# In Meeting With Atheists, Rep. Ellison Compares President Bush to Hitler



## kwflatbed (Dec 29, 2004)

*Democratic Rep. Keith Ellison, the first Muslim elected to Congress, is defending himself Monday after comparing President Bush to Adolf Hitler and leaving the impression the administration may have rigged the Sept. 11, 2001, terror attacks.*
Speaking to an atheist group on July 8, Ellison said that the president acted much the way Hitler did when the *Reichstag*, or German Parliament building, was burned in 1933 ahead of elections that pitted Hitler's Nazi Party against others, including the Communists. Hitler, who was suspected of ordering the fire, declared emergency powers that helped him launch his dictatorial and murderous reign.
"It's almost like the Reichstag fire, kind of reminds me of that," Ellison told the group, according to The Minneapolis Star Tribune. "After the Reichstag was burned, they blamed the Communists for it and it put the leader of that country [Hitler] in a position where he could basically have authority to do whatever he wanted."

Click here to read The Minneapolis Star Tribune article.

During his speech, Ellison went on to tell the 350-member Atheists for Human Rights: "I'm not saying [Sept. 11] was a [U.S.] plan, or anything like that, because, you know, that's how they put you in the nut-ball box - dismiss you."

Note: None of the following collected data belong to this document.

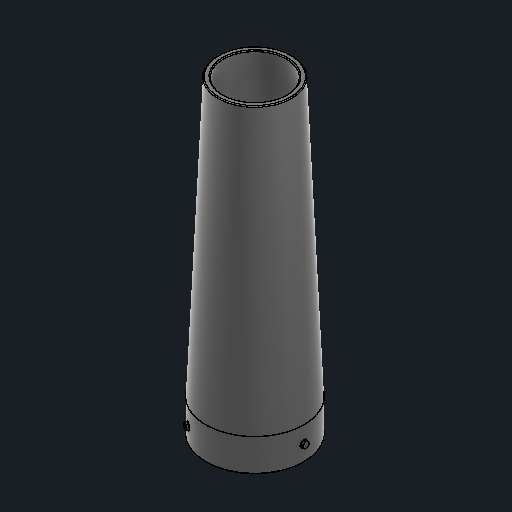
# Autodesk Inventor part: Tapered Vac Fitting
Saved by Autodesk Inventor 2026.2 (Build 302298000, 298)
## iProperties
Created: 2026-07-13
Part Number: Tapered Vac Fitting
Material: PVC, Unplasticized
Document SubType Name: Modeling
Designer: Joshua Eah
Density: 1.29 g/cm^3
Appearance: Smooth - Black
Author: Joshua Eah
Autodesk Inventor part; units mm, degrees
ref_plane "YZ Plane" through (0, 0, 0) normal (1, 0, 0) x (0, 1, 0)
ref_plane "XZ Plane" through (0, 0, 0) normal (0, 1, 0) x (-1, 0, 0)
ref_plane "XY Plane" through (0, 0, 0) normal (0, 0, 1) x (1, 0, 0)
sketch "Base Profile" plane through (0, 0, 0) normal (0, 1, 0) x (-1, 0, 0)
  circle A0 centre (0, 0) radius 22.45
  circle A1 centre (0, 0) radius 20
  dimension "d55" = 44.9
  dimension "d56" = 40
  constraints: 2 centre point, 2 coincident
  measures "d55" diameter of A0
  measures "d56" diameter of A1
extrude "Bayonet Mounting" add sketch "Base Profile" along normal blind 15
sketch "Profile" plane through (0, 0, 0) normal (0, 0, 1) x (1, 0, 0)
  line L0 (0, 0) -> (0, 15)
  line L1 (0, 15) -> (22.4, 15)
  line L2 (0, 0) -> (22.4, 0)
  line L3 (22.4, 15) -> (22.4, 0)
  line L4 (21.3, 9) -> (23.5, 9)
  line L5 (23.5, 9) -> (23.5, 6)
  line L6 (23.5, 6) -> (21.3, 6)
  line L7 (21.3, 6) -> (21.3, 9)
  line L8 (21.3, 9) -> (23.5, 6) construction
  line L9 (23.5, 9) -> (21.3, 6) construction
  line L10 (23.5, 7.5) -> (21.3, 7.5)
  line L11 (22.4, 15) -> (16.8551, 142)
  line L12 (16.8551, 142) -> (0, 142)
  line L13 (0, 142) -> (0, 15)
  line L14 (14.4551, 142) -> (20, 15)
  point P0 (22.4, 7.5)
  dimension "d59" = 15
  dimension "d60" = 44.8
  dimension "d106" = 1.1
  dimension "d107" = 3
  dimension "d113" = 127
  dimension "d114" = 87.5
  dimension "d117" = 40
  constraints: 30 end point, 5 midpoint, 4 horizontal, 3 parallel, 2 point on line, 2 vertical, 1 coincident, 1 collinear, 1 perpendicular
  measures "d59" distance of L0.start L0.end
  measures "d60" diameter of L3 L0
  measures "d106" distance between parallel lines of L5 L3
  measures "d107" distance of L4.end L5.end
  measures "d113" distance from line of L1 L11.end
  measures "d114" angle of L1 L11
  measures "d117" diameter of L14.end L0
revolve "Lug" add sketch "Profile" angle 360 about axis through (23.5, 7.5, 0) along (-1, 0, 0) contours L10 L7 L4 L3 | L3 L4 L5 L10
chamfer "Lug Chamfer" distance 0.2 angle 45 2 edges at (22.45, 6, 0.0029) (23.5, 6, 0)
pattern_circular "Lugs" count 3 over 360 about axis through (0, -10, 0) along (0, 1, 0) of "Lug", "Lug Chamfer"
revolve "Top Section" add sketch "Profile" angle 360 about axis through (0, 142, 0) along (0, -1, 0) contours L14 L12 L11 L1
fillet "Bottom Edge Fillets" radius 0.4 4 edges at (22.45, 0, 0) (20, 0, 0) (-14.4551, 142, 0) (-16.8551, 142, 0)
equation "\"lugThickness\" = 1.3"
equation "\"lugHeight\" = 3"
body "Solid2"

Later in the week, Ellison told one of the newspaper's columnists that he thinks Usama bin Laden - not the Bush administration - was responsible for the attacks. On Monday he suggested the administration's response to Sept. 11 was one of "fear and rage."
"Obviously, Usama bin Laden and the hijackers who carried out the murderous events are responsible for 9/11. The question is, however, how do we respond to this tragedy? With fear and rage? Or with courage and reason? I'm for courage and reason," Ellison said in a statement.
"This means that in the aftermath of 9/11, instead of invading Iraq, President Bush should have responded militarily where necessary, but even more so, diplomatically, and with all of our intelligence resources," he added.
In both his speech to the atheist group and his statement Monday, Ellison, who has co-signed a bill to impeach Vice President Dick Cheney, said that civil liberties and religious tolerance have eroded since Sept. 11, that the president has squandered international good will, and that the U.S. image abroad has been shattered by "the taint" of Iraq, Abu Ghraib, Guantanamo Bay detentions and Patriot Act violations, among other issues.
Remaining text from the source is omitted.